───── Material provided

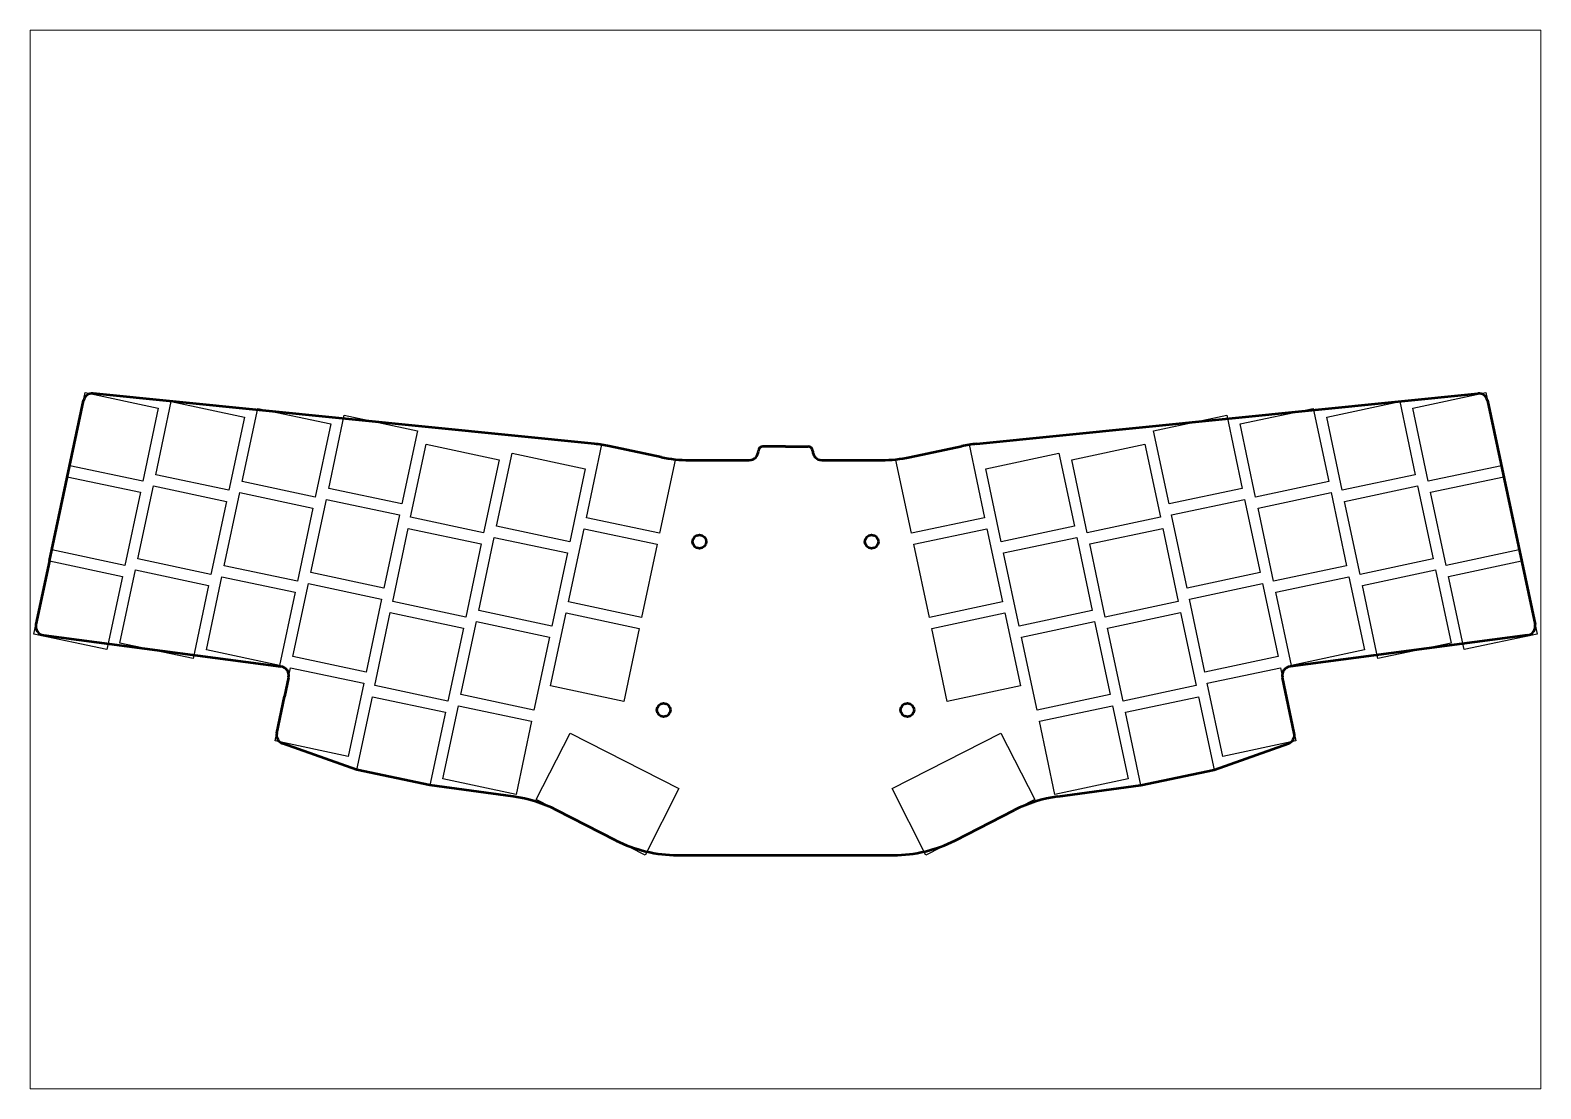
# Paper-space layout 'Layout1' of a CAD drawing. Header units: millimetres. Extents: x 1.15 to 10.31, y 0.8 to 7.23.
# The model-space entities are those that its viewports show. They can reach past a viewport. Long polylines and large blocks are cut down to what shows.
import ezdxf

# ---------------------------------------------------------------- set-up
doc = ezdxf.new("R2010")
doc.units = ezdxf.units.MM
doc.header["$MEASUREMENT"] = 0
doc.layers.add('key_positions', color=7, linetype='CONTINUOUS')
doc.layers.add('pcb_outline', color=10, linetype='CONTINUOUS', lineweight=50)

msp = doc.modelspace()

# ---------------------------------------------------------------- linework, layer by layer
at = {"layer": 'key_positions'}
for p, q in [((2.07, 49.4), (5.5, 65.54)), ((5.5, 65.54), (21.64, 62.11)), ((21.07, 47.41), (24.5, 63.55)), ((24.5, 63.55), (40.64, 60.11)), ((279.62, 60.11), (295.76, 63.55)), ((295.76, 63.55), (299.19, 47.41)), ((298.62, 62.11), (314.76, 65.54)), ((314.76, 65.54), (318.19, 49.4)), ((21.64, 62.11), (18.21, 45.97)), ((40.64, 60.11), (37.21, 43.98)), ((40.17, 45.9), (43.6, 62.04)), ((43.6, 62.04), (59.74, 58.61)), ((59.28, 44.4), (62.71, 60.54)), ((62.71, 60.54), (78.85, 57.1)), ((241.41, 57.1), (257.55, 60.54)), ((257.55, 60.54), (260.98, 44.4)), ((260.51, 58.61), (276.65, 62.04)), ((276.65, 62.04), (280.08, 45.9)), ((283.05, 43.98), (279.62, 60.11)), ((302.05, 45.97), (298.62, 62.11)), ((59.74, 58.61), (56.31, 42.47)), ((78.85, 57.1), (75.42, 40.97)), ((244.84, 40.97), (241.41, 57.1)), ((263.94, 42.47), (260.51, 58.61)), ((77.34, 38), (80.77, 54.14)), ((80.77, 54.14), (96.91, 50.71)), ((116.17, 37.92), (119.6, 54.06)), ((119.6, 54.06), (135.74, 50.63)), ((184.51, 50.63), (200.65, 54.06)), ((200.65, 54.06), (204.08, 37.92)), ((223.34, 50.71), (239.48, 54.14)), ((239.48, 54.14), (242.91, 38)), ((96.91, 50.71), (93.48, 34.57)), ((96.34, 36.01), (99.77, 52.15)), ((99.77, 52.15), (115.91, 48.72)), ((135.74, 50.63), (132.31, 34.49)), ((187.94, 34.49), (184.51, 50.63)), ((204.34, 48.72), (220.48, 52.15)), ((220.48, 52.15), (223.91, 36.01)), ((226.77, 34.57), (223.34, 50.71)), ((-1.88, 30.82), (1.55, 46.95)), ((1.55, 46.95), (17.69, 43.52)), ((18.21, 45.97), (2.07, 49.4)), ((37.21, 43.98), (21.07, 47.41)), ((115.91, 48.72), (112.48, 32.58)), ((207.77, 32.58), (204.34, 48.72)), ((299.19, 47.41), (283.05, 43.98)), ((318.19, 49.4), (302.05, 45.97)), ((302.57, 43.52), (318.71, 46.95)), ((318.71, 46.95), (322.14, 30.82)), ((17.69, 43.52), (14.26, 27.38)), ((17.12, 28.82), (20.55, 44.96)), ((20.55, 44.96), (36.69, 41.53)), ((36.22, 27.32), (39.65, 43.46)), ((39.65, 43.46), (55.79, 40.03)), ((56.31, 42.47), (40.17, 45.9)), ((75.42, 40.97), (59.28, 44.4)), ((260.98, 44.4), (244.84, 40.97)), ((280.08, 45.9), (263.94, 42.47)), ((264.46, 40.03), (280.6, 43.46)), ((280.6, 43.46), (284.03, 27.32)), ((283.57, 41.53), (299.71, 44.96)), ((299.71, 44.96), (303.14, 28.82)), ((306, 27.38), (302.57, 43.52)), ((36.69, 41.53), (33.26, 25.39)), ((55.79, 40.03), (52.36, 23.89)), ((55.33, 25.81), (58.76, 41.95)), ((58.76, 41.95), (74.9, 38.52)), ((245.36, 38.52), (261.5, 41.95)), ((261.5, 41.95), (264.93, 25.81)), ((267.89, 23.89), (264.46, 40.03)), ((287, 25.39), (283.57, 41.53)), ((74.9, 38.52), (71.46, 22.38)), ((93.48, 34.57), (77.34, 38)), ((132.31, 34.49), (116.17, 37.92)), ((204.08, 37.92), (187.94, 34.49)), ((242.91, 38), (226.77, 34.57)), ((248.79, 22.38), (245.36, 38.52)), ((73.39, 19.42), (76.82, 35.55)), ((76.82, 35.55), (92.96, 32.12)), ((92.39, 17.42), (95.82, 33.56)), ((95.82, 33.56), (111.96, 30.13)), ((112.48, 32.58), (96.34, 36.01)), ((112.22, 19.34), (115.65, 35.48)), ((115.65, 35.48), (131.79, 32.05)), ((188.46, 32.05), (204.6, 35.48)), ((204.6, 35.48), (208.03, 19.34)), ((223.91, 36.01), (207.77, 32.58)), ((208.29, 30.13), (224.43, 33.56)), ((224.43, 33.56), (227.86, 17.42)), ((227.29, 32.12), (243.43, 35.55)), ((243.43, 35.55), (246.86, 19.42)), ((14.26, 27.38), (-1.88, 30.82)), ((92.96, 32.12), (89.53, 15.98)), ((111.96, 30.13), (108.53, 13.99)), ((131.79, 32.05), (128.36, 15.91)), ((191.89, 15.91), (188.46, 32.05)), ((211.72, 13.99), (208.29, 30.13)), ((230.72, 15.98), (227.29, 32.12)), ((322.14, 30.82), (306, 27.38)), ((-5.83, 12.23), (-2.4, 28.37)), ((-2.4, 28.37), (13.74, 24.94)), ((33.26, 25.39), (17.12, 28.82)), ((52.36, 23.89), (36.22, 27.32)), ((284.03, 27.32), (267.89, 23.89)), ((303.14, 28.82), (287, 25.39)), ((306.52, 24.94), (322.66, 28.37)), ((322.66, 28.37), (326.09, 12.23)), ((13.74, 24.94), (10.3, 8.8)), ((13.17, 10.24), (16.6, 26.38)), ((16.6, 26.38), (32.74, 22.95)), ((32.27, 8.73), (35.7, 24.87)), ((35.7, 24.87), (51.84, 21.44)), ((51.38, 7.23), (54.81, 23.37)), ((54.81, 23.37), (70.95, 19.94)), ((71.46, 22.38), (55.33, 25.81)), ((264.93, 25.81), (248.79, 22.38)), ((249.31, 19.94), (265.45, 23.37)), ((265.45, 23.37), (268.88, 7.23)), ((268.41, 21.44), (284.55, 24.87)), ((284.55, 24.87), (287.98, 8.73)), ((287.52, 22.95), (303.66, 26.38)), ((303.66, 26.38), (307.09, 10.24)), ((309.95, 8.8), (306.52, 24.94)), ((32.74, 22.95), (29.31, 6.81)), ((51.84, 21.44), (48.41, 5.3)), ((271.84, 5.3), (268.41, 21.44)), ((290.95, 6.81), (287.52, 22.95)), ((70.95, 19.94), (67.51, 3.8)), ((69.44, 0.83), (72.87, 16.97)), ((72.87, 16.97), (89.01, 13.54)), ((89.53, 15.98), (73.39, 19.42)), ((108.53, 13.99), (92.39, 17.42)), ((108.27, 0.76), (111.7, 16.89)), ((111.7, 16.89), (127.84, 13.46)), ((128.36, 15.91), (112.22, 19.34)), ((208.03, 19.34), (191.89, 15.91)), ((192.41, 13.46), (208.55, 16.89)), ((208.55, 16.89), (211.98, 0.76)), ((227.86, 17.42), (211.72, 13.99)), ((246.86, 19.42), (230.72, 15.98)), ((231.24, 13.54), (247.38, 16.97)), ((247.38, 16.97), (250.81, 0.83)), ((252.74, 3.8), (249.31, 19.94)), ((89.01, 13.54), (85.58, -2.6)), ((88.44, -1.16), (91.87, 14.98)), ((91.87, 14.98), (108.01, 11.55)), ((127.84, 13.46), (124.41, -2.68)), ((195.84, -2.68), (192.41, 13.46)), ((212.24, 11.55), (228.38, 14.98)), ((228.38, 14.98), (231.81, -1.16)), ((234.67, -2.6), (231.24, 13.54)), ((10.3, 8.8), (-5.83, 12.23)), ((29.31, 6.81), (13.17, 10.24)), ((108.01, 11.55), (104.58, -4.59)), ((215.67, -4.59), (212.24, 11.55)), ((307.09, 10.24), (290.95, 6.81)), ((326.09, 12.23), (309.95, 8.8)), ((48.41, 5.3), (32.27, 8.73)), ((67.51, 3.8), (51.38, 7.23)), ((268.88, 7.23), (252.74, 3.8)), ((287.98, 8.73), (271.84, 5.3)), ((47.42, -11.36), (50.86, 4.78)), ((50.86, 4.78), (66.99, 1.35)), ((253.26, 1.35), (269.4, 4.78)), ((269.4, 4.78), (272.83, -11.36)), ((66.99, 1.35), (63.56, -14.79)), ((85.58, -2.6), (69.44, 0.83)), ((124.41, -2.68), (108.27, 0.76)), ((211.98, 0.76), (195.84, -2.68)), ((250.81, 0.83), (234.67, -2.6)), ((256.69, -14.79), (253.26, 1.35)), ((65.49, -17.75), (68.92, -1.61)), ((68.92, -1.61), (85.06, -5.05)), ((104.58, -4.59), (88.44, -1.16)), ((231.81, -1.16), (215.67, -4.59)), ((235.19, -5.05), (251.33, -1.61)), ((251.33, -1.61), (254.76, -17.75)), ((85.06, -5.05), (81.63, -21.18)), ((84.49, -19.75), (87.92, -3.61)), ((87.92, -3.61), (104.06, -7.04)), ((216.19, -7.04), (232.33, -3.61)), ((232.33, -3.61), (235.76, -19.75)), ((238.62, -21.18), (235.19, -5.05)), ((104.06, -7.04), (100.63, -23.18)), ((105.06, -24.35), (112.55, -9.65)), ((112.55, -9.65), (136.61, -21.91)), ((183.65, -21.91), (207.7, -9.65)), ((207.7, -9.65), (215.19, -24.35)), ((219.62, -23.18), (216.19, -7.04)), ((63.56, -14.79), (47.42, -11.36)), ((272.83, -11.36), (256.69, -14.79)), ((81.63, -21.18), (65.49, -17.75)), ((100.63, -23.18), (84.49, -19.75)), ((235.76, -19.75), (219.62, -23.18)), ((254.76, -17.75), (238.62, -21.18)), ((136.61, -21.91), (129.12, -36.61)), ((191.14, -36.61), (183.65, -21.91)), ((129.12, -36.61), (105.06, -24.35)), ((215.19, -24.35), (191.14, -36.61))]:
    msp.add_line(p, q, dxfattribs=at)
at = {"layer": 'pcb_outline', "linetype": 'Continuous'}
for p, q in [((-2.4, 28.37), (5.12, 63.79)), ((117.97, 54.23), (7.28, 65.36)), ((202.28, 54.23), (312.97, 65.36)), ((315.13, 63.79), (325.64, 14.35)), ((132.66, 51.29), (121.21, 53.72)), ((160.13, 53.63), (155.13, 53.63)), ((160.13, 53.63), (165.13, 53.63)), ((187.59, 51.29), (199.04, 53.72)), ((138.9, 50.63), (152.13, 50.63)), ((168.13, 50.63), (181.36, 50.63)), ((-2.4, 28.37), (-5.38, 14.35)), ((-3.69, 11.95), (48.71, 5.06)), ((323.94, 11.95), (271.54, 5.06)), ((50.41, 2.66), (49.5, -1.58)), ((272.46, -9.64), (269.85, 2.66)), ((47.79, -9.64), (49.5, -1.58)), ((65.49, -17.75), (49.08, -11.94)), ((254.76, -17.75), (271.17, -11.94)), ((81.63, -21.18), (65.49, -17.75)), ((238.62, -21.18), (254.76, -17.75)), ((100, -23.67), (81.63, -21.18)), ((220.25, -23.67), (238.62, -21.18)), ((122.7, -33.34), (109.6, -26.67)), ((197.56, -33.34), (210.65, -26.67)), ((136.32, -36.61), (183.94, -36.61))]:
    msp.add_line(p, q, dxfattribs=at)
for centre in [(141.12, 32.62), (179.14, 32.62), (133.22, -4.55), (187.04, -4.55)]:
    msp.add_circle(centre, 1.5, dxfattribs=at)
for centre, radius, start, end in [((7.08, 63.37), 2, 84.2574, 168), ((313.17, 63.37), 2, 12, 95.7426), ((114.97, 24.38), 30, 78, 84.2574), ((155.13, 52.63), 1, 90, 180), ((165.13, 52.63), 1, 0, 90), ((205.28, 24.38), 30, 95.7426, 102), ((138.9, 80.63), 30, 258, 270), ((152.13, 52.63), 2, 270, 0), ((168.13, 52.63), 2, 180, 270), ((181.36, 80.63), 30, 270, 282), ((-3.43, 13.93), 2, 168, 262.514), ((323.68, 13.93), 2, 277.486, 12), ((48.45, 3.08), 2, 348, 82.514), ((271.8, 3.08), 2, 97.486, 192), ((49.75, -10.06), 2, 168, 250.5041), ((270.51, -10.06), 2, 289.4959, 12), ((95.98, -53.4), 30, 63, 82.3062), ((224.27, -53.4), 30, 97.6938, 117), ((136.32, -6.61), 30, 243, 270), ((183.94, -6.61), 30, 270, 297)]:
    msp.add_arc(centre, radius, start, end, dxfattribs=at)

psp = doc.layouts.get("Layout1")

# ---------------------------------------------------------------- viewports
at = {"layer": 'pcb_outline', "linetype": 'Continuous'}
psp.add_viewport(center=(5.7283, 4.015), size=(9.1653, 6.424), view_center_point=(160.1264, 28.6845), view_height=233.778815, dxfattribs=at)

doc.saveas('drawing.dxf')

──────────

§ **What you have to do**:
Every line in the data that holds the string "units" should be returned.

§ **Your solution**:
# Paper-space layout 'Layout1' of a CAD drawing. Header units: millimetres. Extents: x 1.15 to 10.31, y 0.8 to 7.23.
doc.units = ezdxf.units.MM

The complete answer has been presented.